=== The task ===
From the records below, copy out exactly the lines from the one containing "From32 : From" to the one containing "From36 : From", both included. Add nothing else.

Provided information START

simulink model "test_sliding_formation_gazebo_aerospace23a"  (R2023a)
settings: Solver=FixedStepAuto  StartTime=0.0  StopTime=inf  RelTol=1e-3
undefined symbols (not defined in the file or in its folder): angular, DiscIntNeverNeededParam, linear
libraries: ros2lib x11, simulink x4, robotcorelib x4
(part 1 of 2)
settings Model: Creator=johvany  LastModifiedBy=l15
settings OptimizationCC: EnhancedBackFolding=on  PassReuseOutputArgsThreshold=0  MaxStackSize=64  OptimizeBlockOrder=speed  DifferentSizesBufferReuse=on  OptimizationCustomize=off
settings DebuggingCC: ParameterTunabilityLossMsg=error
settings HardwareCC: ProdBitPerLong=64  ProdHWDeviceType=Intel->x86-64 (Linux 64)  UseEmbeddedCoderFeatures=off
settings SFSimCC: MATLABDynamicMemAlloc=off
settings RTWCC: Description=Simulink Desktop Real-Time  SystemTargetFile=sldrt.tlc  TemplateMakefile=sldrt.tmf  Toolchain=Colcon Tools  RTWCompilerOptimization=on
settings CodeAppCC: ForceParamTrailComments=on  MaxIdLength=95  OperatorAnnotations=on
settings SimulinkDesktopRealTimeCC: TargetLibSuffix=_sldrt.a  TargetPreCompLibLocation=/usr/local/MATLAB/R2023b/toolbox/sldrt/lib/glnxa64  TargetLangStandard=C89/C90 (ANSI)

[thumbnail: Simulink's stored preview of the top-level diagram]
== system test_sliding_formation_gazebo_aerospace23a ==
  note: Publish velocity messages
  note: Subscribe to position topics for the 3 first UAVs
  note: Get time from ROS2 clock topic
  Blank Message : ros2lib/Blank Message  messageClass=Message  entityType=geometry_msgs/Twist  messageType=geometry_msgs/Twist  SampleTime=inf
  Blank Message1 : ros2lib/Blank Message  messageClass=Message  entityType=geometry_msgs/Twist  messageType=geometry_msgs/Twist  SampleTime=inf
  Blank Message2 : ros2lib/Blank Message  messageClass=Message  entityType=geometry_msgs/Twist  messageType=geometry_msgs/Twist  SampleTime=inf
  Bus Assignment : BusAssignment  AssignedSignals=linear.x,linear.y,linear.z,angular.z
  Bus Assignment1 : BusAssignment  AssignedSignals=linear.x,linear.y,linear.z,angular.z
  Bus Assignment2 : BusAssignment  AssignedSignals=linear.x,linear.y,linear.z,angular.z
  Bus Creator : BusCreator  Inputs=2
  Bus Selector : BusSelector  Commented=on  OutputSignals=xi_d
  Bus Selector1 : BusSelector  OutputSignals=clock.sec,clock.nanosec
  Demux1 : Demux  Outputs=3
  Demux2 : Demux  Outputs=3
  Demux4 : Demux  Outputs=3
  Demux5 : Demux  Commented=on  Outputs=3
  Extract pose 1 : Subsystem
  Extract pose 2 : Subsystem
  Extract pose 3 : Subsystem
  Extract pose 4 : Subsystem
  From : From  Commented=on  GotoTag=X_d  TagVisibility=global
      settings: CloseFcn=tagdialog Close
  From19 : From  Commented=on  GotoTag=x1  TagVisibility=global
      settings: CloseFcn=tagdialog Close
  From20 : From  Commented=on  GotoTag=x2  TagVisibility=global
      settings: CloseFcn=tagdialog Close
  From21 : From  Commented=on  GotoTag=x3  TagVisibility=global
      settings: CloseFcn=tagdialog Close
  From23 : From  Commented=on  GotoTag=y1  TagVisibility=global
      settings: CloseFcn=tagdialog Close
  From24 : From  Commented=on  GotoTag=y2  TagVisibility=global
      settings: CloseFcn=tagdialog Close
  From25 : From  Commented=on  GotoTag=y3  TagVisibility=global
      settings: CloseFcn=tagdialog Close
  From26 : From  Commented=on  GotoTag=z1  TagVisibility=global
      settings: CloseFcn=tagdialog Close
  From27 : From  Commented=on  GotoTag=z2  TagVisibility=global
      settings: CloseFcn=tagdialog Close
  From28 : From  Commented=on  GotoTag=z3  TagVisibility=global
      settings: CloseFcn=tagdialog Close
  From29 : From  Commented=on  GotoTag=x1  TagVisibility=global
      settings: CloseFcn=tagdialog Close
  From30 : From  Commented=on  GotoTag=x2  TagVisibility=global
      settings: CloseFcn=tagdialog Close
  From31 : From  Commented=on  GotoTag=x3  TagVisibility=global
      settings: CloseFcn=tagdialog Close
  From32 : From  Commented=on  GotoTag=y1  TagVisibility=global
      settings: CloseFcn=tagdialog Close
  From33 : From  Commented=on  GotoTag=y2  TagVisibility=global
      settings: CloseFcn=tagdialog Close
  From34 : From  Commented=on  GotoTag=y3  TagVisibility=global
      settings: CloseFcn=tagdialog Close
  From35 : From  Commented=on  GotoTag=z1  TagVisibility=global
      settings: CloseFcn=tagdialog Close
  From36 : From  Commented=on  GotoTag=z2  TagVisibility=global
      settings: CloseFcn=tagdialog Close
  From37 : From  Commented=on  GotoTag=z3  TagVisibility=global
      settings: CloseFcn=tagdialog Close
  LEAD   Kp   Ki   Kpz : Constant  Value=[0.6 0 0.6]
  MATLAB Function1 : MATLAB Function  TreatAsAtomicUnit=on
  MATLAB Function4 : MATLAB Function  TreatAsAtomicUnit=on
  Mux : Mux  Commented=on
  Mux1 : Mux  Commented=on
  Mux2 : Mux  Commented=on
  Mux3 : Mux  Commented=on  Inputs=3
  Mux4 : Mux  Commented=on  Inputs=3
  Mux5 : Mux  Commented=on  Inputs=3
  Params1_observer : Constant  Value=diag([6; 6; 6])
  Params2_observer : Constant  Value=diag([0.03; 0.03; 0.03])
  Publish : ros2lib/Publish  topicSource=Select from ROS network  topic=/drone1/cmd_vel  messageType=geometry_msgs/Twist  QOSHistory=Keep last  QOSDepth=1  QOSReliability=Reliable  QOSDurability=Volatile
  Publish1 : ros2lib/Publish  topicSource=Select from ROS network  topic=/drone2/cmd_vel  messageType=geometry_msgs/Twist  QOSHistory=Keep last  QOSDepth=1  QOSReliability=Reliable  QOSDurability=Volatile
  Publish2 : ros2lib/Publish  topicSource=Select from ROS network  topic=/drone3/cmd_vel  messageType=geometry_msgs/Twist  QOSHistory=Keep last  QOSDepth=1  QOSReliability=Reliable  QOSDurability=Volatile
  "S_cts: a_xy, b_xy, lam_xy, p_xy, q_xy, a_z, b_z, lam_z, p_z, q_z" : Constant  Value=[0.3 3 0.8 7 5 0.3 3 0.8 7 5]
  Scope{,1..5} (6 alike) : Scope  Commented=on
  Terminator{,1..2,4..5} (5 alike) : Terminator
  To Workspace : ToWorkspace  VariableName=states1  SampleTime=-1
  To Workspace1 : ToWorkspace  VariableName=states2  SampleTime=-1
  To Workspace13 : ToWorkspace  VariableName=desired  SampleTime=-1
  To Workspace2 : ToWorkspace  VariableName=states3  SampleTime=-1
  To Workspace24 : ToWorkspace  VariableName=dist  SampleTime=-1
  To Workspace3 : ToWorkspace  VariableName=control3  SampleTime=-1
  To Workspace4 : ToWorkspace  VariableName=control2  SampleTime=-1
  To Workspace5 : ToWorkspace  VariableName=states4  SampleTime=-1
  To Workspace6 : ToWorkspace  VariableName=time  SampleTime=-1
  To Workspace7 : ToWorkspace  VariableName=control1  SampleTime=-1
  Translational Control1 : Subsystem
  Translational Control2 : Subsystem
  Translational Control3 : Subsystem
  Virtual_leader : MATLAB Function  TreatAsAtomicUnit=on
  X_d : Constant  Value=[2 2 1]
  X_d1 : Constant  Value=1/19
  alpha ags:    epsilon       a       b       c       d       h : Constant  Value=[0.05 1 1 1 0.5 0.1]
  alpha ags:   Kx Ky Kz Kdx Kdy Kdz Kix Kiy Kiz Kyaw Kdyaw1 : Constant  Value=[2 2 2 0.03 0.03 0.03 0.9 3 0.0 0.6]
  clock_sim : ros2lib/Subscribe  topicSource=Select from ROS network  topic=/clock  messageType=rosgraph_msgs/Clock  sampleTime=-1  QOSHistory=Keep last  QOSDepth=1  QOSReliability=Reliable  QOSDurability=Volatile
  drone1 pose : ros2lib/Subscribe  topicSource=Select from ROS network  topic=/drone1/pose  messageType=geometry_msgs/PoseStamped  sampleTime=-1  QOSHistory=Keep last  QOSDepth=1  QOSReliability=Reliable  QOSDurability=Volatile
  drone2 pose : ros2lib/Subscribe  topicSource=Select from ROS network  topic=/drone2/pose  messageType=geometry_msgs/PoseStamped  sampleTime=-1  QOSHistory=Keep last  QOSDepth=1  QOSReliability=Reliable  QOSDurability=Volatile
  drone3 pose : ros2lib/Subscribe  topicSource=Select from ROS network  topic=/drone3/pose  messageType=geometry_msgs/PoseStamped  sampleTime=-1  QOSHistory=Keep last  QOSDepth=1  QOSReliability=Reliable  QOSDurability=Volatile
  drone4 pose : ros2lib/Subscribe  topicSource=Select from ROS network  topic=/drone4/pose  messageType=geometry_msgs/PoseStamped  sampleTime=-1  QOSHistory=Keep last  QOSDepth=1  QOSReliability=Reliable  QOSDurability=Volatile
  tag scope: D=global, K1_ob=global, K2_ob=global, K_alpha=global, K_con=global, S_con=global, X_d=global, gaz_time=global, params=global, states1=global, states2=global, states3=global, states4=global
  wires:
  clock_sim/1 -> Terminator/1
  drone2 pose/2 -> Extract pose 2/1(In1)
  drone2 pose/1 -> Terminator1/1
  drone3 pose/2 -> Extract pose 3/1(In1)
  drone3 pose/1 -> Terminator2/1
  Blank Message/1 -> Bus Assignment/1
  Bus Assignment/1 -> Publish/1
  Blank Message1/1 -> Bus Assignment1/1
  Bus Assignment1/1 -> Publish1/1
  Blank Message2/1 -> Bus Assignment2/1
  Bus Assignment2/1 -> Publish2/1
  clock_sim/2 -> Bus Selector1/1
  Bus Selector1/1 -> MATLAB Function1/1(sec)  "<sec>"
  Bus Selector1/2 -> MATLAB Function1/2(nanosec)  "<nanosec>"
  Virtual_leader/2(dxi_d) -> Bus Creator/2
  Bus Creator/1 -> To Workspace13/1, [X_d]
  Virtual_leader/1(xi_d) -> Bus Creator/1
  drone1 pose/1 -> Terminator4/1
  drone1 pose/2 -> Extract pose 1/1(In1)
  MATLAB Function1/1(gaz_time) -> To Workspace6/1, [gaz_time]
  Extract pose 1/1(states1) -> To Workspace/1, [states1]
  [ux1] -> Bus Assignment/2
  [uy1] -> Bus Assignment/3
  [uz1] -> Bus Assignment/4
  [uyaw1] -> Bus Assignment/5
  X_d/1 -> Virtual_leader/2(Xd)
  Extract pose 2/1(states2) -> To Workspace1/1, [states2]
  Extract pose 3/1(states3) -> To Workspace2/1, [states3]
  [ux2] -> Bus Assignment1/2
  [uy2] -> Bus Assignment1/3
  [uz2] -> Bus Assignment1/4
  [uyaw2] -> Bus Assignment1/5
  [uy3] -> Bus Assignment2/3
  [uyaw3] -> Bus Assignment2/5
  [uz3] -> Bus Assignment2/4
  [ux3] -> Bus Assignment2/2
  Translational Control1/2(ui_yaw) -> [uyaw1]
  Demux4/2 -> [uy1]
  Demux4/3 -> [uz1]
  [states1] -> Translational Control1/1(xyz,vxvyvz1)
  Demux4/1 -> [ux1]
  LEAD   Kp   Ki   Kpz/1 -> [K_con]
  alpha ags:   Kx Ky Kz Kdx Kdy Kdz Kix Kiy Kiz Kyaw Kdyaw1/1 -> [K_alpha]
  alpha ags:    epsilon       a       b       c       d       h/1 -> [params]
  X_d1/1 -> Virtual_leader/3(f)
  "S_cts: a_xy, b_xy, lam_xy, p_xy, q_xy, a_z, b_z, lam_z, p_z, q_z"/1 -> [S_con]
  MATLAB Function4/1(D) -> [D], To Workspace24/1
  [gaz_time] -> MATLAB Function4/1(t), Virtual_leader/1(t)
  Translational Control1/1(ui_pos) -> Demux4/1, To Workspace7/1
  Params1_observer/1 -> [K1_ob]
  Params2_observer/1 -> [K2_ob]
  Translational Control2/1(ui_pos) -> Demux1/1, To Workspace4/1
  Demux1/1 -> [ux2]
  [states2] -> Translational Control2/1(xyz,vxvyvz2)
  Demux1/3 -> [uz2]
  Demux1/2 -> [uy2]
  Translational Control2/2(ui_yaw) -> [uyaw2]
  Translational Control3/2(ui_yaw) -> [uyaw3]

Provided information END

=== Solution for this exercise ===
  From32 : From  Commented=on  GotoTag=y1  TagVisibility=global
      settings: CloseFcn=tagdialog Close
  From33 : From  Commented=on  GotoTag=y2  TagVisibility=global
      settings: CloseFcn=tagdialog Close
  From34 : From  Commented=on  GotoTag=y3  TagVisibility=global
      settings: CloseFcn=tagdialog Close
  From35 : From  Commented=on  GotoTag=z1  TagVisibility=global
      settings: CloseFcn=tagdialog Close
  From36 : From  Commented=on  GotoTag=z2  TagVisibility=global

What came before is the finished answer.